You will first have to pass ECSA's educational evaluation. This process may take a long time (months). Make sure your application is complete and as detailed as possible. ECSA wants hard copies of everything, your qualifications have to be certified and they even want your application form to be signed and stamped by a Commissioner of Oaths . You have to print out the annexures on their website and complete them in as much detail about your course as possible. Basically what they want to see is that your engineering degree covers the same subjects as a South African degree, so you have to show them that by giving as much information about your degree as possible. You also need to provide a certified detailed academic record or transcript of all courses completed during your degree with English translation. Then you have to submit your degree to a company called MIE who will verify that you did obtain the qualification at the said institution and the document is not forged. You will have to pay MIE for this service and include their certificate in your application along with your proof of payment for the evaluation, and very importantly your full final year design project/thesis with a detailed summary in English. 

I have to warn you that ECSA is full of **** and you may have a very frustrating time dealing with them. They are very hard to reach and rarely respond to emails. They are not transparent about their process at all and will not communicate anything to you, whether they have received your application, whether your evaluation has taken place, when it will take place, etc. You will feel completely in the dark while dealing with them. They only have evaluation meetings once a month, so if something is missing from your application you will have to courier it to them and your evaluation will be postponed to the next month's meeting only. After that they may still require you to meet with them to discuss your qualifications or experience, either in person or via Skype. This whole process can take many months and they don't care that you are stuck waiting for them before you can apply for your critical skills visa. 

When you have passed their educational evaluation you can apply to register as a candidate or professional engineer. Then you can ask them for a letter to say you have applied to register, which you can then use to apply for your critical skills visa. 

There is also the possibility of applying for the visa with a letter from ECSA that says you have started the educational evaluation, which is the first part of the registration process, but it is not sure your consul or home affairs will accept this letter and your visa may be rejected. Many embassies are still looking for proof of registration even though there is a new directive from Home Affairs that says you only need a letter that says you have started the registration. 
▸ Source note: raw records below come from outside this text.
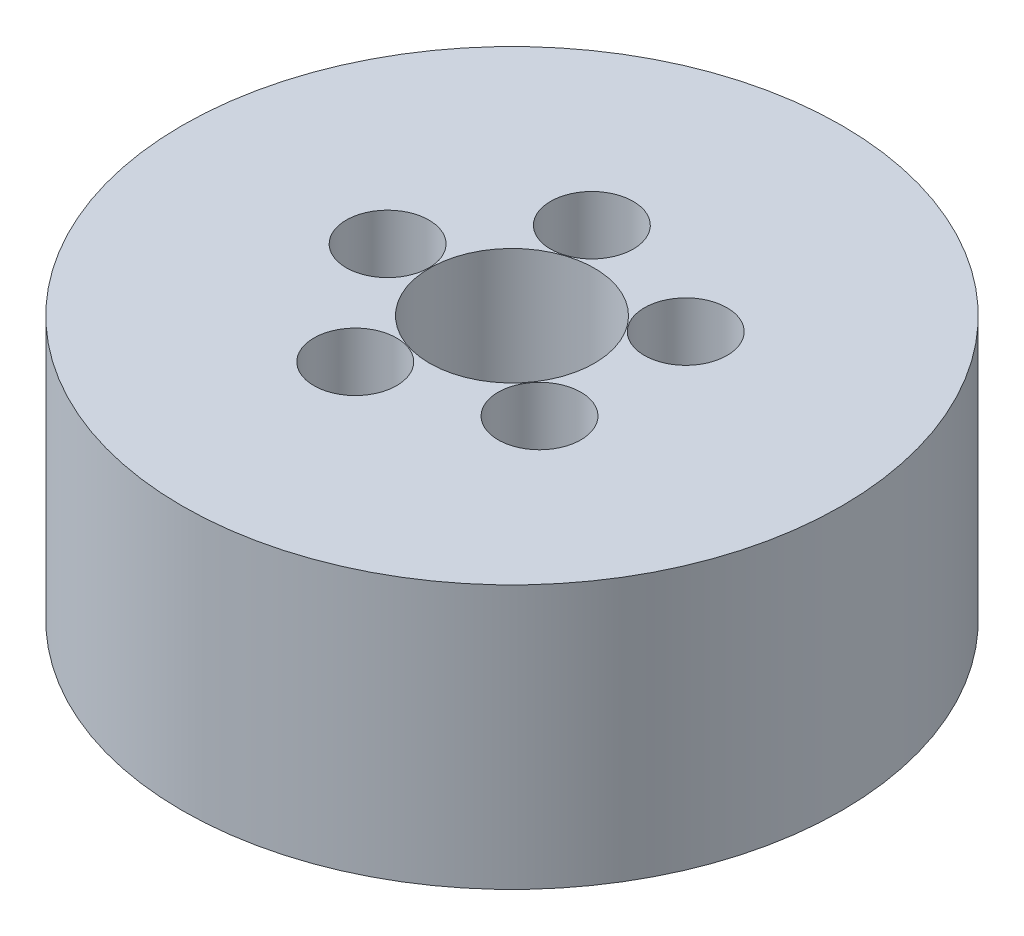
SolidWorks part; units mm, degrees
ref_plane "Front Plane" through (0, 0, 0) normal (0, 0, 1) x (1, 0, 0)
ref_plane "Top Plane" through (0, 0, 0) normal (0, 1, 0) x (1, 0, 0)
ref_plane "Right Plane" through (0, 0, 0) normal (1, 0, 0) x (0, 0, -1)
sketch "Sketch1" plane through (0, 0, 0) normal (0, 1, 0) x (1, 0, 0)
  circle A0 centre (0, 0) radius 20
  dimension "FLANGE_OD" = 40
extrude "Boss-Extrude1" add sketch "Sketch1" along normal blind 16
sketch "Sketch2" plane through (0, 0, 0) normal (0, 1, 0) x (1, 0, 0)
  circle A0 centre (0, 0) radius 5
  dimension "BORE_D" = 10
extrude "Cut-Extrude1" cut sketch "Sketch2" along normal through all
sketch "Sketch3" plane through (0, 16, 0) normal (0, 1, 0) x (1, 0, 0)
  circle A0 centre (0, 0) radius 7.5457 construction
  circle A1 centre (-7.5457, 0) radius 2.5087
  dimension "BOLT_D" = 5.0173
  dimension "BOLT_PCD" = 15.0915
extrude "Cut-Extrude2" cut sketch "Sketch3" against normal blind 12.1564
pattern_circular "CirPattern1" count 5 over 360 about axis through (0, 0, 0) along (0, 1, 0) of "Cut-Extrude2"

If someone else is reading this and wondering about this crazy educational evaluation process, you might not have to go through it if you're from a country that is a signatory to either the Dublin, Washington or Sydney accords. However, you need to have obtained your degree after your country signed the accord. Unfortunately Pakistan is not a signatory to these accords and neither is any European country bar the UK and Ireland."



Is this correct?


----------



## jacob chacko (Mar 30, 2018)

Akhil003 said:


> So should I go there for the interview. I Heard the following things regarding proffesional body registration
> 
> " Professional Body registration Evaluation Process
> 
> ...




Documents are required for ECSA Evaluation is listed below
1.True copy( Notary attested ) of Mark sheets and Degree certificate 
2.MIE verification certificate
3.Applications 
4.Final Year Project Report Copy
5.Syllabus Copy
6. Payment receipt.
7.SAQA Certificate Copy



2014, Behalf of India Government ,NBA signed Washington accord.Its means your college is Approved/ Accredited by NBA no need Educational Evaluation.


----------



## superli2003 (Nov 1, 2017)

*candiate ( ECSA ) is ok for applying critical skill visa?*

Can someone confirm a candidate professional engineer or candidate engineering technician(register with ECSA) is ok for critical skill visa? or must be professional engineer? i heard many people got rejected critical skill visa application while they apply as candidate........


----------



## superli2003 (Nov 1, 2017)

*candiate ECSA is*

Can someone confirm a candidate professional engineer or candidate engineering technician(register with ECSA) is ok for critical skill visa? or must be professional engineer? i heard many people got rejected critical skill visa application while they apply as candidate........


----------



## Ahmed Gomaa (Jul 30, 2019)

Am from Egypt , Am civil engineer and I have 6 years work experience I plan to have csv and I want to know if ECSA do interview for civil engineer or not ? And if I need to do evaluation process before registration with ECSA ???


----------